Et puis, il y a bien entendu l'aspect financier. On le sait, Google reverse chaque année à Apple 20 milliards de dollars pour venir s'installer comme moteur de recherche par défaut. Cela représente environ 15% des revenus annuels générés par l'entreprise. Soudain, Safari est devenu le "produit à la marge la plus élevée qu'Apple ait jamais créé". Or, si Apple facilite l'arrivée de nouveaux navigateurs, son navigateur maison pourrait voir sa part de marché baisser. Selon l'OWA, Pour chaque 1% de part de marché perdue par Safari, Apple perdrait 200 millions de dollars de revenus annuels.
Pour Apple, un navigateur doté de Blink ou de Gecko pourrait donc largement lui faire de l'ombre, notamment avec si ce dernier prend en charge les extensions tierces. Nul besoin alors pour l'utilisateur de télécharger autant d'applications au sein de l'App Store. Sur sa plateforme de téléchargement, Apple a collecté l'année dernière 27,4 milliards de dollars de commissions pour un total des ventes estimé à 91,3 milliards de dollars.
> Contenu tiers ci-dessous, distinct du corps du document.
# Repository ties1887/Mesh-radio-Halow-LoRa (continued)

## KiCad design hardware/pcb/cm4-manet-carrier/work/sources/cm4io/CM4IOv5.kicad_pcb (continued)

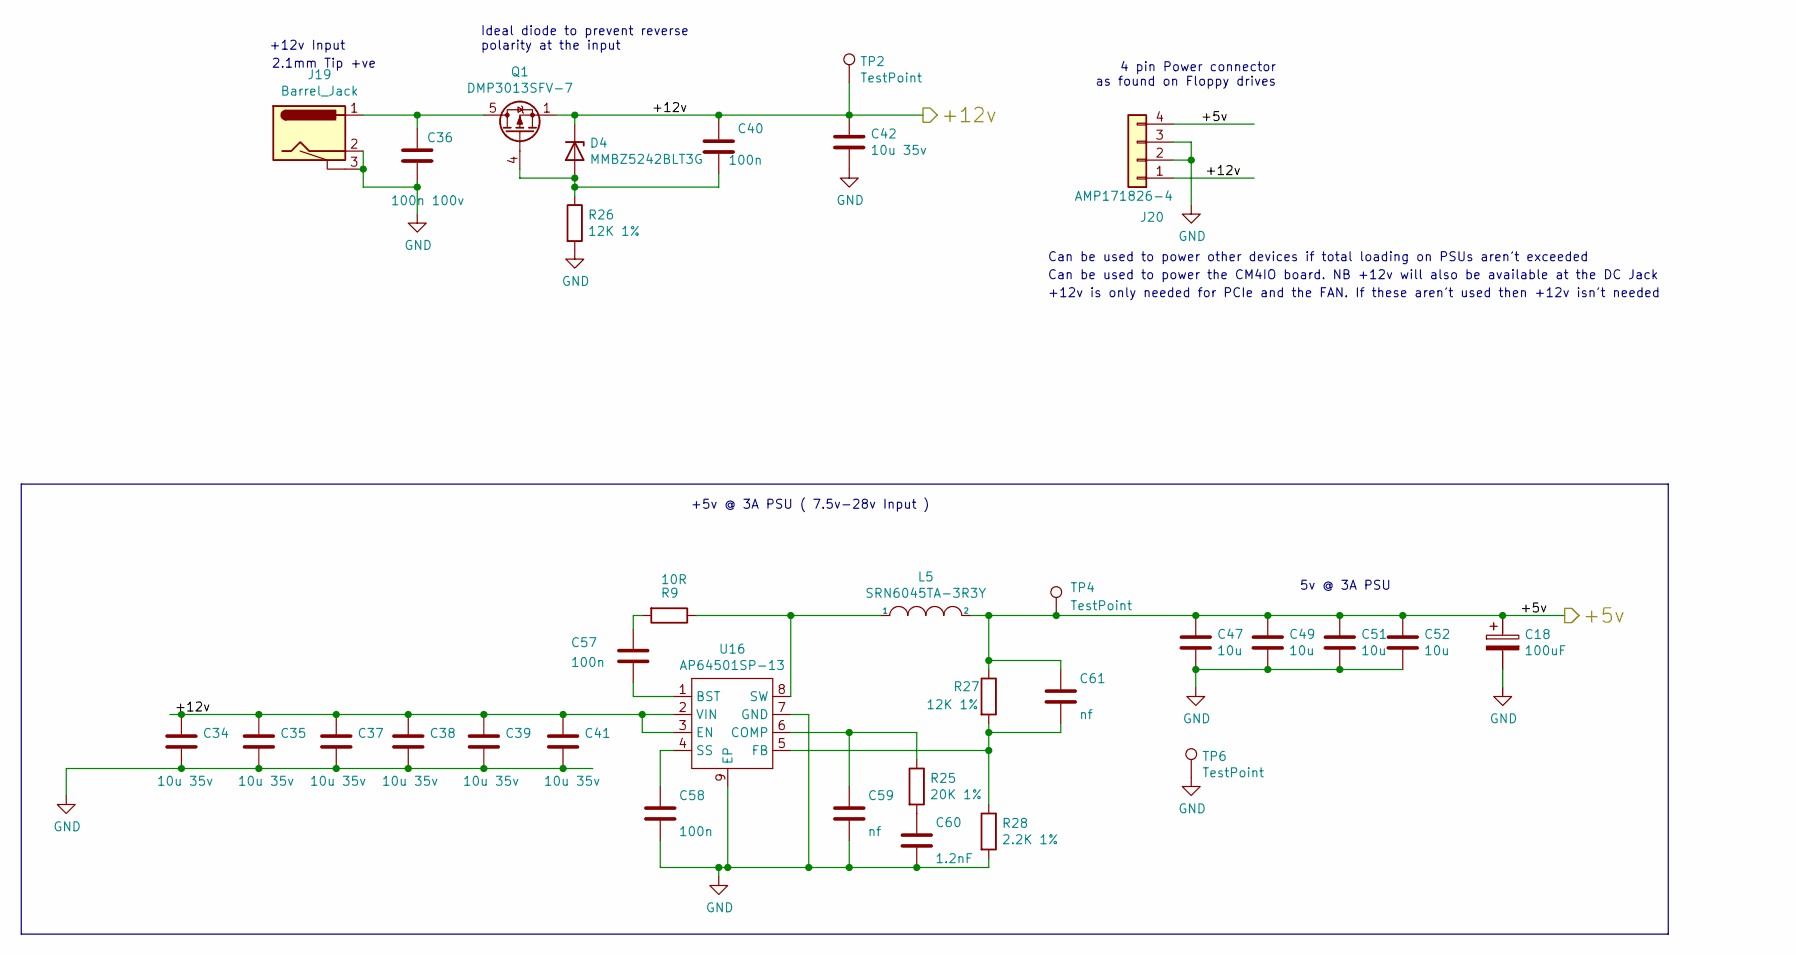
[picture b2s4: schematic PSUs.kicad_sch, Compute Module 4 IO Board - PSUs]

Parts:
C18: 100uF; CP_EIA-7343-31_Kemet-D; Part Description Capacitor, SP-Cap, 100u, 6.3V, 15mR ESR
C34, C35, C37, C38, C39, C41, C42: 10u 35v; C_0805_2012Metric; Part Description 10uF 10% or 20% 35V Ceramic Capacitor X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
C36: 100n 100v; C_0402_1005Metric; Part Description 0.1uF 10% 100V Ceramic Capacitor X5R 04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
C40, C57, C58: 100n; C_0402_1005Metric; Part Description 0.1uF 10% 16V Ceramic Capacitor X7R 040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
C47, C49, C51, C52: 10u; C_0805_2012Metric; Part Description 10uF 10% 10V Ceramic Capacitor X7R 0805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
C59: nf; C_0402_1005Metric
C60: 1.2nF; C_0402_1005Metric; Part Description 1200pF 10% 10V Ceramic Capacitor X5R 04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
C61: nf; C_0402_1005Metric; Part Description 220 pF, 50 V, 0402 [1005 Metric], ± 5%,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
D4: MMBZ5242BLT3G; D_SOT-23_ANK; Part Description Zener Diode 12V 225mW 5% Surface Mount 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
J19: Barrel_Jack; BarrelJack_Horizontal; Part Description DC Power Connectors PCB 2.1MM
J20: AMP171826-4; TE_171826-4; Part Description Wire-To-Board Connector, Right Angle, 2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
L5: SRN6045TA-3R3Y; L_Bourns_SRN6045TA; Part Description 3.3µH Semi-Shielded Wirewound Inductor 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
Q1: DMP3013SFV-7; Diodes_PowerDI3333-8; Part Description DMP3013SFV-7 - Power MOSFET, P Channel,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
R9: 10R; R_0402_1005Metric; Part Description Resistor 10R M1005 1% 63mW
R25: 20K 1%; R_0402_1005Metric; Part Description Resistor 20K M1005 1% 63mW
R26, R27: 12K 1%; R_0402_1005Metric; Part Description Resistor 12K M1005 1% 63mW
R28: 2.2K 1%; R_0402_1005Metric; Part Description Resistor 2.2K M1005 1% 63mW
TP2, TP4, TP6: TestPoint; TestPoint_Pad_2.0x2.0mm
U16: AP64501SP-13; SOIC-8-1EP_3.9x4.9mm_P1.27mm_EP2.95x4.9mm_Mask2.71x3.4mm_Th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; Part Description Buck Switching Regulator IC Positive Ad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

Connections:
/+5v: C18.1, C47.1, C49.1, C51.1, C52.1, C61.1, J20.4, L5.2, R27.1, TP4.1; also elsewhere on the board
/+12v: C34.1, C35.1, C37.1, C38.1, C39.1, C40.1, C41.1, C42.1, D4.1 (K), J20.1, Q1.1 (S), Q1.2 (S), Q1.3 (S), TP2.1, U16.2 (VIN), U16.3 (EN); also elsewhere on the board
GND: C18.2, C34.2, C35.2, C36.2, C37.2, C38.2, C39.2, C41.2, C42.2, C47.2, C49.2, C51.2, C52.2, C58.2, C59.2, C60.2, J19.2, J19.3, J20.2, J20.3, R26.2, R28.2, TP6.1, U16.7 (GND), U16.9 (EP); also elsewhere on the board
unnamed: C36.1, J19.1, Q1.5 (D)
unnamed: C40.2, D4.2 (A), Q1.4 (G), R26.1
unnamed: C57.1, R9.2
unnamed: C57.2, U16.1 (BST)
unnamed: C58.1, U16.4 (SS)
unnamed: C59.1, R25.1, U16.6 (COMP)
unnamed: C60.1, R25.2
unnamed: C61.2, R27.2, R28.1, U16.5 (FB)
unnamed: L5.1, R9.1, U16.8 (SW)

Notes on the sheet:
+12v Input
Can be used to power other devices if total loading on PSUs aren't exceeded
5v @ 3A PSU
+12v is only needed for PCIe and the FAN. If these aren't used then +12v isn't needed
Can be used to power the CM4IO board. NB +12v will also be available at the DC Jack
2.1mm Tip +ve
Ideal diode to prevent reverse polarity at the input
4 pin Power connector as found on Floppy drives
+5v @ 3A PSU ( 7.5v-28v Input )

Et puis, si les éditeurs commencent à créer des PWA en permettant d'encapsuler leurs applications Web riches dans leurs propres fenêtres de Chrome, ils échapperaient donc à cette commission tout en offrant un socle technique plus riche que WebKit.
Enfin, il y a aussi l'aberration de la situation. Puisque Apple répond à une exigence de la Commission européenne, la société a imposé que seuls les développeurs situés physiquement dans l'Union européenne peuvent tester les navigateurs utilisant des moteurs alternatifs sur de vrais appareils iOS. Or Google et Mozilla, développant les seuls véritables moteurs de rendu alternatifs, sont des entités américaines. Cette énième restriction oblige donc les équipes de développement basées aux États-Unis (ou simplement en dehors de l'UE) à ne compter que sur des simulateurs logiciels pour leurs tests.
Reste à savoir si, à la suite de cet état des lieux partagé par l'OWA, les autorités européennes redoubleront leur pression exercée sur Apple.